Turkey: Court acquits students accused of participating in Pride

Court in Turkeyacquitted 19 defendants today of their participation in the Pride March (Pride) of LOATKI + on a campus, as their actions, it was ruled, do not constitute a crime.

Most of the students and a member of the teaching staff of Middle East Technical University (METU) were accused of “refused to disband»According to the order of the police in this course, of 2019. It is noted that the authorities had used pepper spray, rubber bullets and tear gas canisters.
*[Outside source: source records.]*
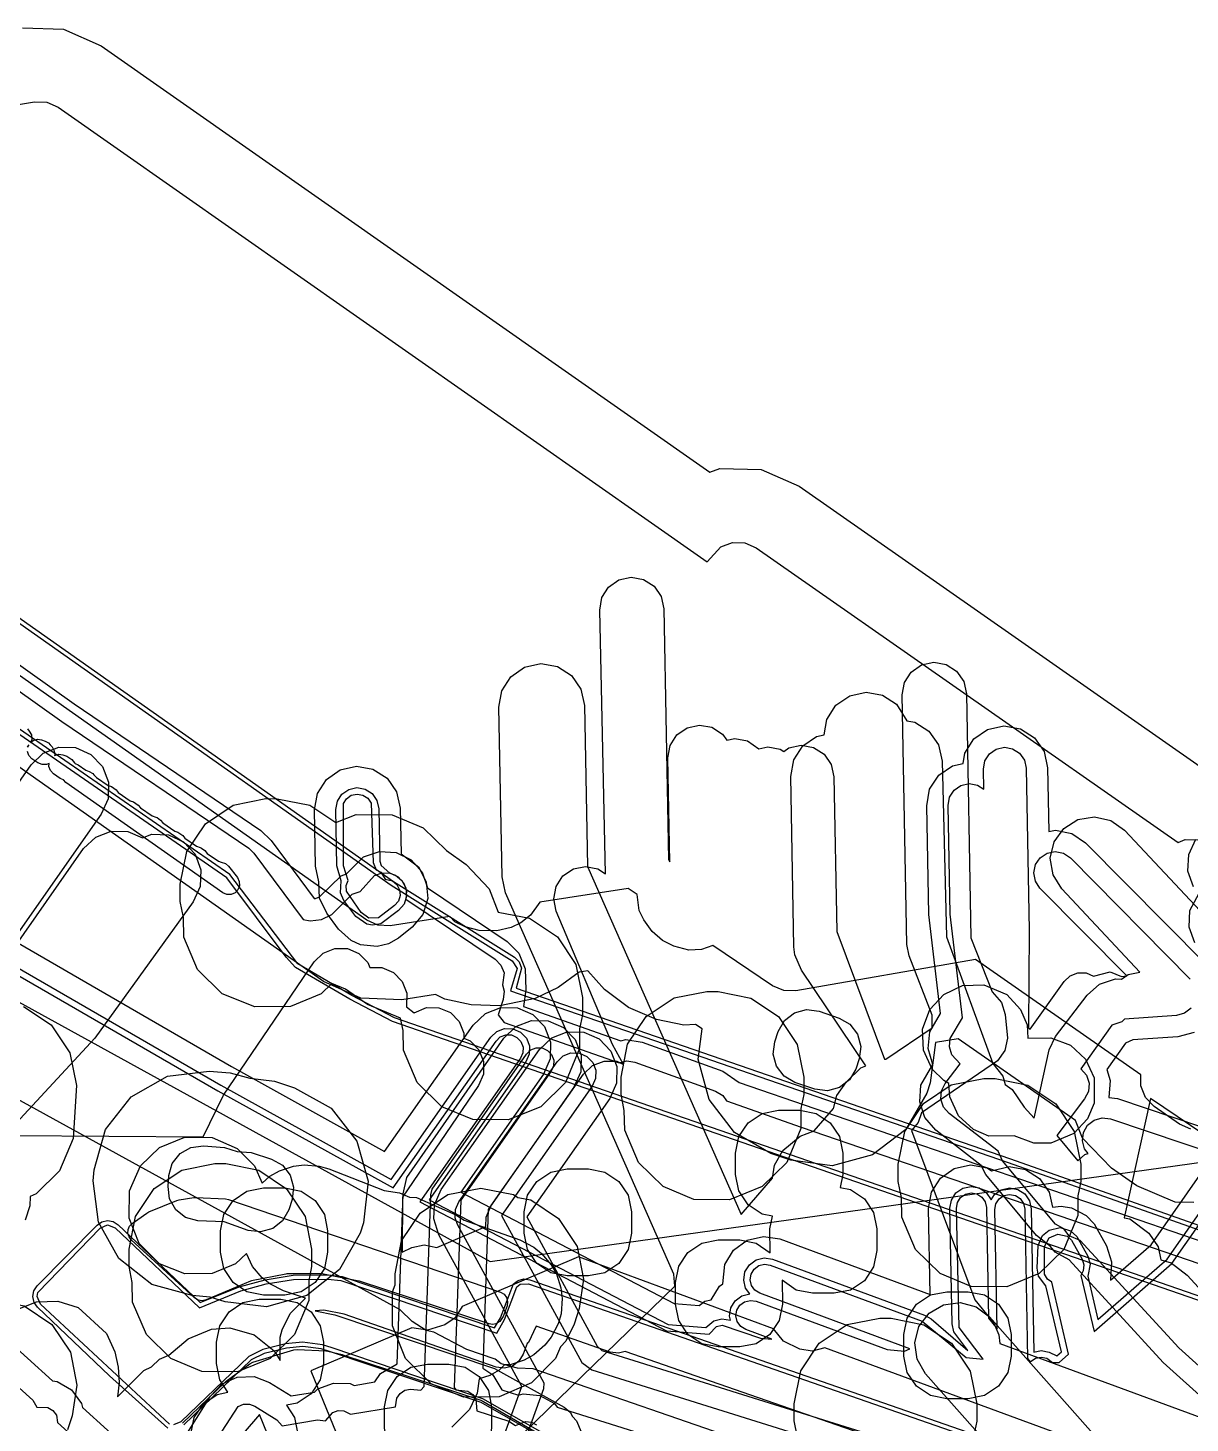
# Model space of a CAD drawing. Header units: metres. Extents: x -2677 to -840, y 169 to 1487.
# Drawn here: x -1797.3 to -1743, y 279.7 to 344.9 of the extents above; entities that cross this region are included whole.
import ezdxf

# ---------------------------------------------------------------- set-up
doc = ezdxf.new("R2010")
doc.units = ezdxf.units.M
doc.layers.add('AI_GREENING_EXCLUSIONS', color=1, linetype='Continuous')
doc.layers.add('AI_GREENING_LAWN', color=82, linetype='Continuous')

msp = doc.modelspace()

# ---------------------------------------------------------------- linework, layer by layer
at = {"layer": 'AI_GREENING_EXCLUSIONS'}
for points in [[(-1797.554, 344.853), (-1795.631, 344.795), (-1793.872, 344.016), (-1765.456, 324.115), (-1764.999, 324.289), (-1763.066, 324.239), (-1761.297, 323.459), (-1742.575, 310.383)], [(-1800.517, 340.817), (-1796.984, 341.4), (-1796.407, 341.383), (-1795.88, 341.149), (-1765.592, 319.938), (-1764.954, 320.633), (-1764.412, 320.839), (-1763.832, 320.824), (-1763.301, 320.59), (-1743.607, 306.835), (-1743.273, 306.965), (-1742.688, 306.951)], [(-1807.651, 324.073), (-1780.34, 304.848), (-1774.683, 301.312), (-1774.451, 300.945), (-1774.761, 299.906), (-1751.542, 291.9), (-1731.791, 284.93)], [(-1807.468, 324.189), (-1780.229, 305.015), (-1774.577, 301.482), (-1774.356, 301.261), (-1774.253, 300.967), (-1774.506, 300.03), (-1751.476, 292.089), (-1731.89, 285.177)], [(-1743.007, 293.46), (-1743.544, 293.693), (-1744.723, 294.509), (-1745.13, 294.93), (-1745.345, 295.474), (-1745.336, 295.993), (-1753.059, 301.366), (-1761.446, 299.913), (-1762.015, 299.924), (-1762.539, 300.146), (-1765.321, 302.02), (-1765.848, 301.838), (-1766.441, 301.803), (-1767.142, 301.988), (-1767.665, 302.263), (-1768.147, 302.679), (-1768.551, 303.224), (-1768.757, 303.653), (-1768.859, 304.404), (-1769.276, 304.685), (-1773.405, 304.04), (-1773.837, 303.444), (-1774.293, 303.089), (-1774.73, 302.872), (-1775.403, 302.709), (-1776.231, 302.728), (-1776.883, 302.89), (-1777.368, 303.128), (-1777.607, 303.383), (-1780.385, 302.95), (-1780.957, 302.971), (-1781.48, 303.205), (-1808.971, 322.557)], [(-1742.864, 290.024), (-1743.747, 290.039), (-1745.537, 290.815), (-1746.715, 291.632), (-1748.072, 293.034), (-1748.397, 293.857), (-1753.878, 297.672), (-1754.929, 297.49), (-1755.176, 295.613), (-1755.339, 295.13), (-1756.315, 293.441), (-1757.862, 292.253), (-1759.747, 291.748), (-1761.681, 292.002), (-1762.618, 292.32), (-1764.306, 293.294), (-1765.495, 294.843), (-1766, 296.725), (-1765.816, 298.133), (-1766.125, 298.341), (-1766.673, 298.311), (-1767.947, 298.565), (-1769.252, 299.132), (-1770.387, 299.974), (-1771.154, 300.849), (-1771.569, 300.784), (-1772.54, 300.06), (-1773.62, 299.553), (-1775.26, 299.212), (-1776.603, 299.248), (-1777.835, 299.522), (-1778.273, 299.737), (-1779.845, 299.491), (-1781.752, 299.562), (-1783.494, 300.343), (-1811.005, 319.715)], [(-1797.928, 293.15), (-1789.112, 293.099), (-1788.158, 295.044), (-1783.926, 301.26), (-1783.509, 301.67), (-1782.966, 301.889), (-1782.381, 301.884), (-1781.842, 301.655), (-1781.432, 301.238), (-1781.335, 300.998), (-1780.77, 300.993), (-1780.232, 300.765), (-1779.821, 300.347), (-1779.602, 299.805), (-1779.629, 299.167), (-1779.265, 298.879), (-1778.695, 299.125), (-1778.11, 299.12), (-1777.571, 298.891), (-1777.161, 298.474), (-1776.942, 297.931), (-1776.944, 297.693), (-1776.654, 297.57), (-1776.243, 297.153), (-1776.024, 296.61), (-1776.029, 296.025), (-1776.258, 295.486), (-1779.808, 290.272), (-1779.821, 287.718), (-1779.375, 287.935), (-1778.802, 288.055), (-1778.205, 287.931), (-1775.92, 288.903), (-1775.903, 289.348), (-1775.666, 289.884), (-1771.365, 296.016), (-1770.942, 296.421), (-1770.396, 296.632), (-1769.811, 296.619), (-1769.485, 296.475), (-1769.999, 297.401), (-1772.631, 303.634), (-1772.749, 304.208), (-1772.639, 304.782), (-1772.317, 305.271), (-1771.833, 305.6), (-1771.26, 305.718), (-1770.685, 305.608), (-1770.327, 305.372), (-1770.605, 317.684), (-1770.502, 318.26), (-1770.186, 318.753), (-1769.705, 319.087), (-1769.133, 319.212), (-1768.557, 319.108), (-1768.065, 318.792), (-1767.73, 318.312), (-1767.606, 317.74), (-1767.388, 306.043), (-1767.327, 305.926), (-1767.418, 310.785), (-1767.314, 311.361), (-1766.998, 311.853), (-1766.518, 312.188), (-1765.946, 312.312), (-1765.37, 312.209), (-1764.877, 311.893), (-1764.675, 311.602), (-1764.288, 311.687), (-1763.712, 311.583), (-1763.173, 311.2), (-1762.75, 311.293), (-1762.173, 311.189), (-1762.009, 311.084), (-1761.768, 311.251), (-1761.196, 311.376), (-1760.62, 311.272), (-1760.128, 310.956), (-1759.794, 310.476), (-1759.669, 309.904), (-1759.534, 302.686), (-1757.302, 296.723), (-1757.241, 296.714), (-1755.088, 298.175), (-1755.087, 298.774), (-1756.165, 301.55), (-1756.267, 302.066), (-1756.484, 313.721), (-1756.38, 314.297), (-1756.064, 314.79), (-1755.584, 315.124), (-1755.012, 315.249), (-1754.436, 315.146), (-1753.943, 314.83), (-1753.609, 314.349), (-1753.484, 313.777), (-1753.272, 302.388), (-1752.29, 299.861), (-1751.843, 299.368), (-1751.672, 298.809), (-1751.572, 297.697), (-1751.699, 297.125), (-1752.035, 296.646), (-1755.576, 294.218), (-1755.736, 293.769), (-1756.052, 293.385), (-1753.094, 285.486), (-1752.198, 284.398), (-1751.971, 283.856), (-1751.932, 283.447), (-1731.389, 275.884)], [(-1800.504, 317.11), (-1795.136, 313.307), (-1786.415, 307.388), (-1785.942, 306.933), (-1783.93, 304.219), (-1783.869, 304.214), (-1783.679, 304.303), (-1782.668, 305.281), (-1782.417, 305.367), (-1781.626, 306.158), (-1780.888, 306.413), (-1780.109, 306.366), (-1779.407, 306.025), (-1778.889, 305.441), (-1778.638, 304.711), (-1774.929, 302.216), (-1774.379, 301.662), (-1774.083, 300.94), (-1774.058, 299.951), (-1774.161, 299.181), (-1769.614, 297.579), (-1769.388, 297.634), (-1768.617, 297.518), (-1764.854, 296.16), (-1764.095, 295.634), (-1764.095, 295.634), (-1732.308, 284.708)], [(-1801.076, 316.29), (-1795.708, 312.486), (-1786.98, 306.563), (-1786.744, 306.336), (-1784.439, 303.242), (-1784.116, 303.177), (-1783.589, 303.241), (-1783.108, 303.466), (-1782.163, 304.417), (-1781.787, 304.544), (-1781.121, 305.295), (-1780.752, 305.422), (-1780.363, 305.399), (-1780.012, 305.228), (-1779.753, 304.936), (-1779.625, 304.567), (-1779.648, 304.186), (-1775.487, 301.386), (-1775.212, 301.109), (-1775.064, 300.748), (-1775.136, 300.189), (-1775.056, 299.887), (-1775.108, 299.501), (-1775.35, 298.792), (-1775.062, 298.438), (-1769.697, 296.548), (-1769.342, 296.635), (-1768.956, 296.577), (-1765.194, 295.22), (-1764.859, 295.018), (-1764.685, 294.782), (-1761.197, 293.553), (-1731.104, 283.237)], [(-1790.388, 263.498), (-1767.094, 286.124), (-1767.148, 286.68), (-1774.996, 304.477), (-1775.162, 305.231), (-1775.31, 313.145), (-1775.172, 313.913), (-1774.75, 314.57), (-1774.11, 315.016), (-1773.347, 315.182), (-1772.579, 315.044), (-1771.922, 314.623), (-1771.477, 313.982), (-1771.31, 313.22), (-1771.171, 305.716), (-1764.007, 289.47), (-1762.53, 291.16), (-1762.45, 291.776), (-1762.061, 292.452), (-1761.249, 293.128), (-1760.599, 293.369), (-1759.689, 294.41), (-1759.541, 295.024), (-1759.082, 295.655), (-1758.418, 296.318), (-1758.179, 296.413), (-1761.185, 300.874), (-1761.492, 301.592), (-1761.535, 301.968), (-1761.683, 309.916), (-1761.545, 310.685), (-1761.124, 311.341), (-1760.483, 311.787), (-1760.125, 311.865), (-1759.997, 312.578), (-1759.575, 313.235), (-1758.935, 313.68), (-1758.172, 313.847), (-1757.404, 313.709), (-1756.748, 313.287), (-1756.272, 312.509), (-1755.896, 312.444), (-1755.237, 312.026), (-1754.787, 311.388), (-1754.616, 310.627), (-1754.414, 302.433), (-1752.252, 296.523), (-1751.786, 295.933), (-1751.676, 295.544), (-1751.35, 295.307), (-1750.793, 294.48), (-1750.32, 293.967), (-1749.616, 297.157), (-1749.325, 297.783), (-1747.846, 299.711), (-1747.27, 300.219), (-1746.533, 300.474), (-1746.252, 300.458), (-1745.942, 300.668), (-1745.383, 300.783), (-1749.029, 304.665), (-1749.442, 305.327), (-1749.57, 306.097), (-1749.394, 306.857), (-1748.94, 307.492), (-1748.278, 307.905), (-1747.508, 308.033), (-1746.748, 307.857), (-1746.113, 307.403), (-1740.695, 301.634)], [(-1725.529, 279.741), (-1780.181, 298.656), (-1782.168, 299.688), (-1784.699, 301.164), (-1787.868, 305.337), (-1801.578, 314.796)], [(-1725.594, 279.552), (-1780.273, 298.479), (-1782.268, 299.515), (-1784.799, 300.992), (-1785.247, 301.482), (-1788.009, 305.191), (-1801.562, 314.541)], [(-1739.827, 278.528), (-1744.306, 282.568), (-1748.685, 287.346), (-1749.341, 287.713), (-1749.553, 287.982), (-1750.213, 288.491), (-1752.572, 291.343), (-1752.791, 291.749), (-1754.912, 293.403), (-1755.42, 293.99), (-1755.666, 294.726), (-1755.613, 295.5), (-1755.06, 296.469), (-1755.277, 297.213), (-1755.192, 297.988), (-1754.7, 298.85), (-1755.244, 303.467), (-1755.339, 308.546), (-1755.201, 309.314), (-1754.78, 309.97), (-1754.139, 310.416), (-1753.643, 310.524), (-1753.556, 311.009), (-1753.135, 311.666), (-1752.494, 312.112), (-1751.732, 312.278), (-1750.964, 312.14), (-1750.307, 311.719), (-1749.861, 311.078), (-1749.695, 310.316), (-1749.64, 307.35), (-1749.331, 307.41), (-1748.566, 307.253), (-1747.92, 306.816), (-1742.331, 301.163)], [(-1801.118, 304.793), (-1797.145, 310.457), (-1796.581, 310.996), (-1795.853, 311.278), (-1795.073, 311.26), (-1794.359, 310.946), (-1793.82, 310.381), (-1793.538, 309.654), (-1793.555, 308.874), (-1793.87, 308.16), (-1797.988, 302.289)], [(-1738.506, 278.685), (-1743.569, 283.244), (-1748.168, 288.261), (-1748.692, 288.474), (-1748.945, 288.803), (-1749.328, 289.012), (-1751.801, 291.981), (-1751.997, 292.429), (-1754.297, 294.191), (-1754.551, 294.485), (-1754.674, 294.853), (-1754.648, 295.24), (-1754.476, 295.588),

Following the failed military coup in Turkey in 2016, local governments were given the authority to ban public gatherings, and authorities across the country used these powers to outlaw Pride marches. Since then these powers have been revoked, reports Reuters.

The defense attorney Oiku Didem Aydin, who was holding a rainbow flag in protest, had demanded the acquittal of the accused, saying that freedom of expression is a right enshrined in the Constitution:

“What harm can this flag when I hold it in my hand? Does this mean that I refuse to disperse despite the police warning? “A student is brought in just because he holds a flag.”

“Videos taken by police during the demonstration show a police officer shouting ‘We are against your existence”, Said Aydin.

Following the ruling, Aydin told Reuters outside a court in Ankara that the ruling was correct, but it is a “shame” that young people were treated as criminals for two years.

Homosexuality is legal in Turkey, but Pride marches are repeated be banned recent years. Lesbians, gays or transgender people are often considered immoral.

His socially conservative AKP party President Erdogan has ruled Turkey for two decades. Turkey ranked second from the bottom in a list of 49 European countries for the protection of LGBT + rights in 2021 compiled by the support organization ILGA-Europe.

A student was convicted of payment of a fine for “insulting” the authorities due to gestures during the demonstration.